Speech Science Forum -- Jay Marchand Knight
21 November 2024, 3:00 pm–4:00 pm
Investigating the roles of pitch, timbre, and bias in the perception of gendered and racialized voices.
Event Information
Open to
- All
Availability
- Yes
Organiser
-
Victor Rosi
Location
-
Chandler House B012Wakefield StreetLondonWC1N 1PFUnited Kingdom
Past literature has focused on pitch and timbre cues as the main determinants of the gendered voice. However, in real situations, judges also rely on non-auditory cues such as the actor’s facial features, height, body size and shape. Resisting these visual biases could result in more accurate assessment of a voice but requires a stronger dissociation between auditory attributes and physical appearance, an ability hypothetically acquired by gender-expansive participants through their lived experience.
In three online studies, we examined Faching (allocating voices into traditional categories such as soprano, alto, tenor, and bass). In study 1, 166 participants (85 cis, 81 gender-expansive) rated 144 audio (A) samples from 18 different actors (3 from each major Fach category, excluding countertenor) along a slider labeled low/dark to high/bright. Participants then guessed the voice types of the same actors in silent videos (V), before rating them in AV combinations. The cis group exhibited 30% more visual bias than the gender-expansive group. To further understand this phenomenon, we manipulated the fundamental frequency (in study 2) or the vocal tract length (in study 3) by +/-3 semitones from the original stimuli. Preliminary findings suggest that the two groups differ in timbral evaluations but not in those of pitch.
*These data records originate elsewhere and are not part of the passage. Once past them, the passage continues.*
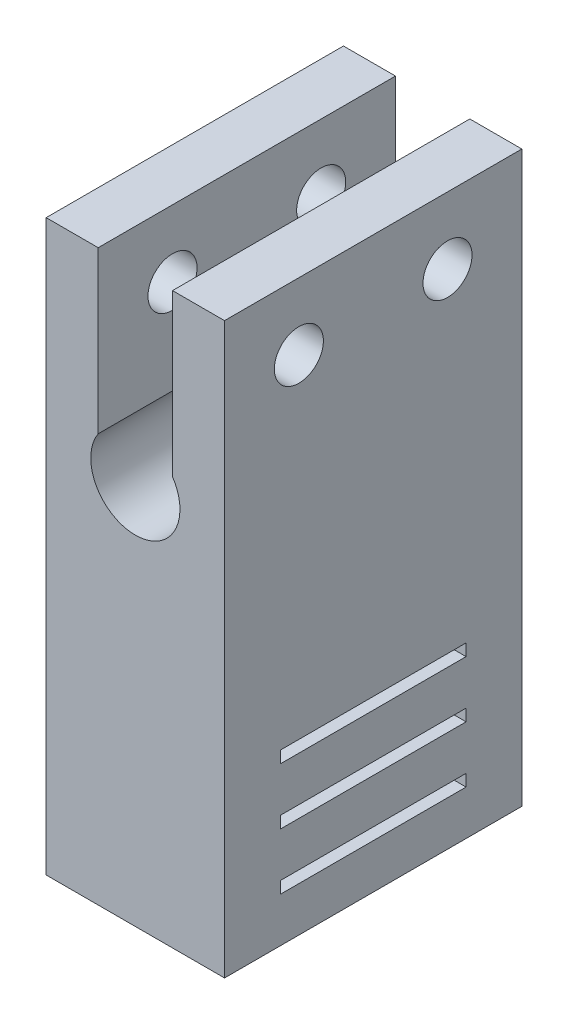
ISO-10303-21;
HEADER;
FILE_DESCRIPTION(('STEP AP214'),'2;1');
FILE_NAME('part.step','',(''),(''),'','','');
FILE_SCHEMA(('AUTOMOTIVE_DESIGN { 1 0 10303 214 1 1 1 1 }'));
ENDSEC;
DATA;
#1=APPLICATION_CONTEXT('core data for automotive mechanical design processes');
#2=APPLICATION_PROTOCOL_DEFINITION('international standard','automotive_design',2000,#1);
#3=PRODUCT_CONTEXT('',#1,'mechanical');
#4=PRODUCT('Part','Part','',(#3));
#5=PRODUCT_RELATED_PRODUCT_CATEGORY('part','',(#4));
#6=PRODUCT_DEFINITION_FORMATION('','',#4);
#7=PRODUCT_DEFINITION_CONTEXT('part definition',#1,'design');
#8=PRODUCT_DEFINITION('design','',#6,#7);
#9=PRODUCT_DEFINITION_SHAPE('','',#8);
#10=(LENGTH_UNIT() NAMED_UNIT(*) SI_UNIT(.MILLI.,.METRE.));
#11=(NAMED_UNIT(*) PLANE_ANGLE_UNIT() SI_UNIT($,.RADIAN.));
#12=(NAMED_UNIT(*) SI_UNIT($,.STERADIAN.) SOLID_ANGLE_UNIT());
#13=UNCERTAINTY_MEASURE_WITH_UNIT(LENGTH_MEASURE(1.E-05),#10,'distance_accuracy_value','');
#14=(GEOMETRIC_REPRESENTATION_CONTEXT(3) GLOBAL_UNCERTAINTY_ASSIGNED_CONTEXT((#13)) GLOBAL_UNIT_ASSIGNED_CONTEXT((#10,
#11,#12)) REPRESENTATION_CONTEXT('',''));
#15=CARTESIAN_POINT('',(0.,0.,0.));
#16=DIRECTION('',(0.,0.,1.));
#17=DIRECTION('',(1.,0.,0.));
#18=AXIS2_PLACEMENT_3D('',#15,#16,#17);
#19=CARTESIAN_POINT('',(12.,38.3,0.));
#20=DIRECTION('',(0.,-1.,0.));
#21=DIRECTION('',(0.,0.,-1.));
#22=AXIS2_PLACEMENT_3D('',#19,#20,#21);
#23=PLANE('',#22);
#24=DIRECTION('',(-1.,0.,0.));
#25=VECTOR('',#24,1.);
#26=CARTESIAN_POINT('',(12.,38.3,0.));
#27=LINE('',#26,#25);
#28=CARTESIAN_POINT('',(3.5,38.3,0.));
#29=VERTEX_POINT('',#28);
#30=CARTESIAN_POINT('',(0.,38.3,0.));
#31=VERTEX_POINT('',#30);
#32=EDGE_CURVE('E337',#29,#31,#27,.T.);
#33=ORIENTED_EDGE('',*,*,#32,.F.);
#34=DIRECTION('',(0.,0.,1.));
#35=VECTOR('',#34,1.);
#36=CARTESIAN_POINT('',(3.5,38.3,-20.));
#37=LINE('',#36,#35);
#38=CARTESIAN_POINT('',(3.5,38.3,-20.));
#39=VERTEX_POINT('',#38);
#40=EDGE_CURVE('E197',#39,#29,#37,.T.);
#41=ORIENTED_EDGE('',*,*,#40,.F.);
#42=DIRECTION('',(-1.,0.,0.));
#43=VECTOR('',#42,1.);
#44=CARTESIAN_POINT('',(12.,38.3,-20.));
#45=LINE('',#44,#43);
#46=CARTESIAN_POINT('',(0.,38.3,-20.));
#47=VERTEX_POINT('',#46);
#48=EDGE_CURVE('E41',#39,#47,#45,.T.);
#49=ORIENTED_EDGE('',*,*,#48,.T.);
#50=DIRECTION('',(0.,0.,1.));
#51=VECTOR('',#50,1.);
#52=CARTESIAN_POINT('',(0.,38.3,0.));
#53=LINE('',#52,#51);
#54=EDGE_CURVE('E326',#47,#31,#53,.T.);
#55=ORIENTED_EDGE('',*,*,#54,.T.);
#56=EDGE_LOOP('',(#33,#41,#49,#55));
#57=FACE_BOUND('',#56,.T.);
#58=ADVANCED_FACE('F32',(#57),#23,.F.);
#59=CARTESIAN_POINT('',(12.,33.8,-5.));
#60=DIRECTION('',(-1.,0.,0.));
#61=DIRECTION('',(0.,0.,1.));
#62=AXIS2_PLACEMENT_3D('',#59,#60,#61);
#63=CYLINDRICAL_SURFACE('',#62,1.65);
#64=CARTESIAN_POINT('',(3.5,33.8,-5.));
#65=DIRECTION('',(-1.,0.,0.));
#66=DIRECTION('',(0.,-1.,0.));
#67=AXIS2_PLACEMENT_3D('',#64,#65,#66);
#68=CIRCLE('',#67,1.65);
#69=CARTESIAN_POINT('',(3.5,32.15,-5.));
#70=VERTEX_POINT('',#69);
#71=EDGE_CURVE('E207',#70,#70,#68,.T.);
#72=ORIENTED_EDGE('',*,*,#71,.F.);
#73=EDGE_LOOP('',(#72));
#74=FACE_BOUND('',#73,.T.);
#75=CARTESIAN_POINT('',(0.,33.8,-5.));
#76=DIRECTION('',(1.,0.,0.));
#77=DIRECTION('',(0.,0.,-1.));
#78=AXIS2_PLACEMENT_3D('',#75,#76,#77);
#79=CIRCLE('',#78,1.65);
#80=CARTESIAN_POINT('',(0.,33.8,-6.65));
#81=VERTEX_POINT('',#80);
#82=EDGE_CURVE('E214',#81,#81,#79,.T.);
#83=ORIENTED_EDGE('',*,*,#82,.F.);
#84=EDGE_LOOP('',(#83));
#85=FACE_BOUND('',#84,.T.);
#86=ADVANCED_FACE('F365',(#74,#85),#63,.F.);
#87=CARTESIAN_POINT('',(12.,33.8,-15.));
#88=DIRECTION('',(-1.,0.,0.));
#89=DIRECTION('',(0.,0.,1.));
#90=AXIS2_PLACEMENT_3D('',#87,#88,#89);
#91=CYLINDRICAL_SURFACE('',#90,1.65);
#92=CARTESIAN_POINT('',(3.5,33.8,-15.));
#93=DIRECTION('',(-1.,0.,0.));
#94=DIRECTION('',(0.,-1.,0.));
#95=AXIS2_PLACEMENT_3D('',#92,#93,#94);
#96=CIRCLE('',#95,1.65);
#97=CARTESIAN_POINT('',(3.5,32.15,-15.));
#98=VERTEX_POINT('',#97);
#99=EDGE_CURVE('E36',#98,#98,#96,.T.);
#100=ORIENTED_EDGE('',*,*,#99,.F.);
#101=EDGE_LOOP('',(#100));
#102=FACE_BOUND('',#101,.T.);
#103=CARTESIAN_POINT('',(0.,33.8,-15.));
#104=DIRECTION('',(1.,0.,0.));
#105=DIRECTION('',(0.,0.,-1.));
#106=AXIS2_PLACEMENT_3D('',#103,#104,#105);
#107=CIRCLE('',#106,1.65);
#108=CARTESIAN_POINT('',(0.,33.8,-16.65));
#109=VERTEX_POINT('',#108);
#110=EDGE_CURVE('E210',#109,#109,#107,.T.);
#111=ORIENTED_EDGE('',*,*,#110,.F.);
#112=EDGE_LOOP('',(#111));
#113=FACE_BOUND('',#112,.T.);
#114=ADVANCED_FACE('F351',(#102,#113),#91,.F.);
#115=CARTESIAN_POINT('',(12.,38.3,-20.));
#116=DIRECTION('',(-1.,0.,0.));
#117=DIRECTION('',(0.,0.,1.));
#118=AXIS2_PLACEMENT_3D('',#115,#116,#117);
#119=PLANE('',#118);
#120=CARTESIAN_POINT('',(12.,33.8,-5.));
#121=DIRECTION('',(1.,0.,0.));
#122=DIRECTION('',(0.,0.,-1.));
#123=AXIS2_PLACEMENT_3D('',#120,#121,#122);
#124=CIRCLE('',#123,1.65);
#125=CARTESIAN_POINT('',(12.,33.8,-6.65));
#126=VERTEX_POINT('',#125);
#127=EDGE_CURVE('E217',#126,#126,#124,.T.);
#128=ORIENTED_EDGE('',*,*,#127,.F.);
#129=EDGE_LOOP('',(#128));
#130=FACE_BOUND('',#129,.T.);
#131=DIRECTION('',(0.,-1.,0.));
#132=VECTOR('',#131,1.);
#133=CARTESIAN_POINT('',(12.,7.59999999999998,-3.74999999999999));
#134=LINE('',#133,#132);
#135=CARTESIAN_POINT('',(12.,7.59999999999998,-3.74999999999999));
#136=VERTEX_POINT('',#135);
#137=CARTESIAN_POINT('',(12.,6.79999999999999,-3.74999999999999));
#138=VERTEX_POINT('',#137);
#139=EDGE_CURVE('E252',#136,#138,#134,.T.);
#140=ORIENTED_EDGE('',*,*,#139,.F.);
#141=DIRECTION('',(0.,0.,1.));
#142=VECTOR('',#141,1.);
#143=CARTESIAN_POINT('',(12.,7.59999999999998,-3.74999999999999));
#144=LINE('',#143,#142);
#145=CARTESIAN_POINT('',(12.,7.59999999999998,-16.25));
#146=VERTEX_POINT('',#145);
#147=EDGE_CURVE('E260',#146,#136,#144,.T.);
#148=ORIENTED_EDGE('',*,*,#147,.F.);
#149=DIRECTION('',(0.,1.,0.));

These studies, though focused on gender-perception, inadvertently opened further questions of AV-integration and visual bias in the evaluation of racialized women’s voices. This intersected with other in progress work on the treatment of Black women’s voices in opera and Black men’s voices in the real world, portrayal of the ‘Other’ in the mezzo-soprano singing voice, and the timbral metaphor of the Zwischenstufe (a Weimar era term approaching queer) in the Zwischenfach singer, who sits between voice types.
About the Speaker
Jay Marchand Knight
PhD Student at Concordia University
Canadian Zwischenfach Jay Marchand Knight (they/them) is a Frederick Lowy Fellow at Concordia University, working in the Deroche Laboratory for Hearing and Cognition. They study voice timbre’s place in gender perception, attempting to quantify the relative interactions of pitch, timbre, and audio-visual fusion in voice evaluation through empirical work. As a voice teacher, Jay specializes in gender-affirming voice training and has taught at McGill University, University of Miami, and The Voice Lab, Inc., a Chicago-based school that works with the 2SLGBTQIA+ community. A trained opera singer, Jay is interested in queering vocal composition, performance, and pedagogy and tries to engage with community-based, exploratory, and inclusive projects. They are active in research-creation with RISE Opera, an experimental project investigating human relationships to crises and aiming to break down traditional barriers to formal music making. Upcoming operatic performances include the title role queer interpretation of Carmen with Jupiter Opera and the title role in Floyd’s Susannah with the gender bent company, Opera Queens.